__Records provided__.
[Start of section]
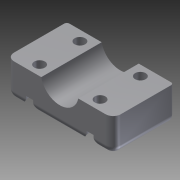
# Autodesk Inventor part: Z move plate
Saved by Autodesk Inventor 2012 (Build 160160000, 160)
## iProperties
Created: 2013-02-04
Part Number: Z move plate
Material: Default
Document SubType Name: Modeling
Designer: mce
Density: 1 g/cm^3
Author: mce
Autodesk Inventor part; units mm, degrees
ref_plane "YZ Plane" through (0, 0, 0) normal (1, 0, 0) x (0, 1, 0)
ref_plane "XZ Plane" through (0, 0, 0) normal (0, 1, 0) x (-1, 0, 0)
ref_plane "XY Plane" through (0, 0, 0) normal (0, 0, 1) x (1, 0, 0)
sketch "Sketch1" plane through (0, 0, 0) normal (0, 0, 1) x (1, 0, 0)
  line L0 (0, 0) -> (42.4, 0)
  line L1 (42.4, 0) -> (42.4, 24)
  line L2 (42.4, 24) -> (0, 24)
  line L3 (0, 24) -> (0, 0)
  circle A0 centre (9.2, 20) radius 2.1
  circle A1 centre (33.2, 20) radius 2.1
  circle A2 centre (33.2, 4) radius 2.1
  circle A3 centre (9.2, 4) radius 2.1
  dimension "d0" = 24
  dimension "d1" = 42.4
  dimension "d2" = 4.2
  dimension "d3" = 9.2
  dimension "d4" = 9.2
  dimension "d5" = 9.2
  dimension "d6" = 9.2
  dimension "d7" = 4
  dimension "d8" = 4
  dimension "d9" = 4
  dimension "d10" = 4
  constraints: 8 end point, 4 centre point, 3 equal radius, 2 horizontal, 2 vertical
  measures "d0" distance of L2.end L0.start
  measures "d1" distance of L0.start L0.end
  measures "d2" diameter of A0
  measures "d3" distance from line of L3 A0.centre
  measures "d4" distance from line of L3 A3.centre
  measures "d5" distance from line of L1 A2.centre
  measures "d6" distance from line of L1 A1.centre
  measures "d7" distance from line of L2 A0.centre
  measures "d8" distance from line of L0 A3.centre
  measures "d9" distance from line of L0 A2.centre
  measures "d10" distance from line of L2 A1.centre
extrude "Extrusion1" add sketch "Sketch1" along normal blind 13.5
sketch "Sketch2" plane through (0, 0, 0) normal (0, -1, 0) x (1, 0, 0)
  line L0 (42.4, 13.5) -> (0, 13.5) projected
  line L1 (0, 0) -> (0, 13.5) projected
  circle A0 centre (21.2, 15) radius 7.5
  dimension "d13" = 15
  dimension "d14" = 21.2
  dimension "d15" = 1.5
  constraints: 1 centre point
  measures "d13" diameter of A0
  measures "d14" distance from line of L1 A0.centre
  measures "d15" distance from line of A0.centre L0
extrude "Extrusion2" cut sketch "Sketch2" against normal through all
fillet "Fillet1" radius 3 3 edges at (42.4, 0, 6.75) (0, 0, 6.75) (21.2, 0, 0)
sketch "Sketch3" plane through (0, 0, 0) normal (0, 0, -1) x (-1, 0, 0)
  arc A0 (-31.3534, 3) -> (-35.0466, 3) centre (-33.2, 4) ccw projected
  arc A1 (-7.3534, 3) -> (-11.0466, 3) centre (-9.2, 4) ccw projected
  circle A2 centre (-33.2, 20) radius 2.1 projected
  circle A3 centre (-9.2, 20) radius 2.1 projected
  circle A4 centre (-33.2, 20) radius 4.25
  circle A5 centre (-9.2, 20) radius 4.25
  circle A6 centre (-9.2, 4) radius 4.25
  circle A7 centre (-33.2, 4) radius 4.25
  point P0 (0, 0)
  dimension "d20" = 8.5
  constraints: 4 centre point, 4 coincident, 3 equal radius
  measures "d20" diameter of A4
extrude "Extrusion3" cut sketch "Sketch3" against normal blind 4
sketch "Sketch4" plane through (21.2, 0, 15) normal (0, -1, 0) x (1, 0, 0)
  line L0 (-26.3081, 1.9971) -> (24.247, 1.9971)
  line L1 (24.247, 1.9971) -> (24.247, -18.7305)
  line L2 (24.247, -18.7305) -> (-26.3081, -18.7305)
  line L3 (-26.3081, -18.7305) -> (-26.3081, 1.9971)
  point P0 (-21.2, -15)
  constraints: 8 end point
extrude "Extrusion4" [suppressed]
fillet "Fillet3" radius 3 2 edges at (42.4, 13.5, 0) (0, 13.5, 0)
fillet "Fillet4" radius 1 7 edges at (41.5213, 24, 0.8787) (37.0181, 24, 0) (42.4, 24, 8.25) (21.2, 24, 0) (0.8787, 24, 0.8787) (0, 24, 8.25) (5.3819, 24, 0)
body "Solid1"
[End of section]
__What is being asked__. Produce only the lines from the line containing "circle A1 centre (33.2, 20) radius 2.1" through the line containing "of L1 A2.centre", inclusive of both, exactly as they stand in the entries above.

__Response box__.
  circle A1 centre (33.2, 20) radius 2.1
  circle A2 centre (33.2, 4) radius 2.1
  circle A3 centre (9.2, 4) radius 2.1
  dimension "d0" = 24
  dimension "d1" = 42.4
  dimension "d2" = 4.2
  dimension "d3" = 9.2
  dimension "d4" = 9.2
  dimension "d5" = 9.2
  dimension "d6" = 9.2
  dimension "d7" = 4
  dimension "d8" = 4
  dimension "d9" = 4
  dimension "d10" = 4
  constraints: 8 end point, 4 centre point, 3 equal radius, 2 horizontal, 2 vertical
  measures "d0" distance of L2.end L0.start
  measures "d1" distance of L0.start L0.end
  measures "d2" diameter of A0
  measures "d3" distance from line of L3 A0.centre
  measures "d4" distance from line of L3 A3.centre
  measures "d5" distance from line of L1 A2.centre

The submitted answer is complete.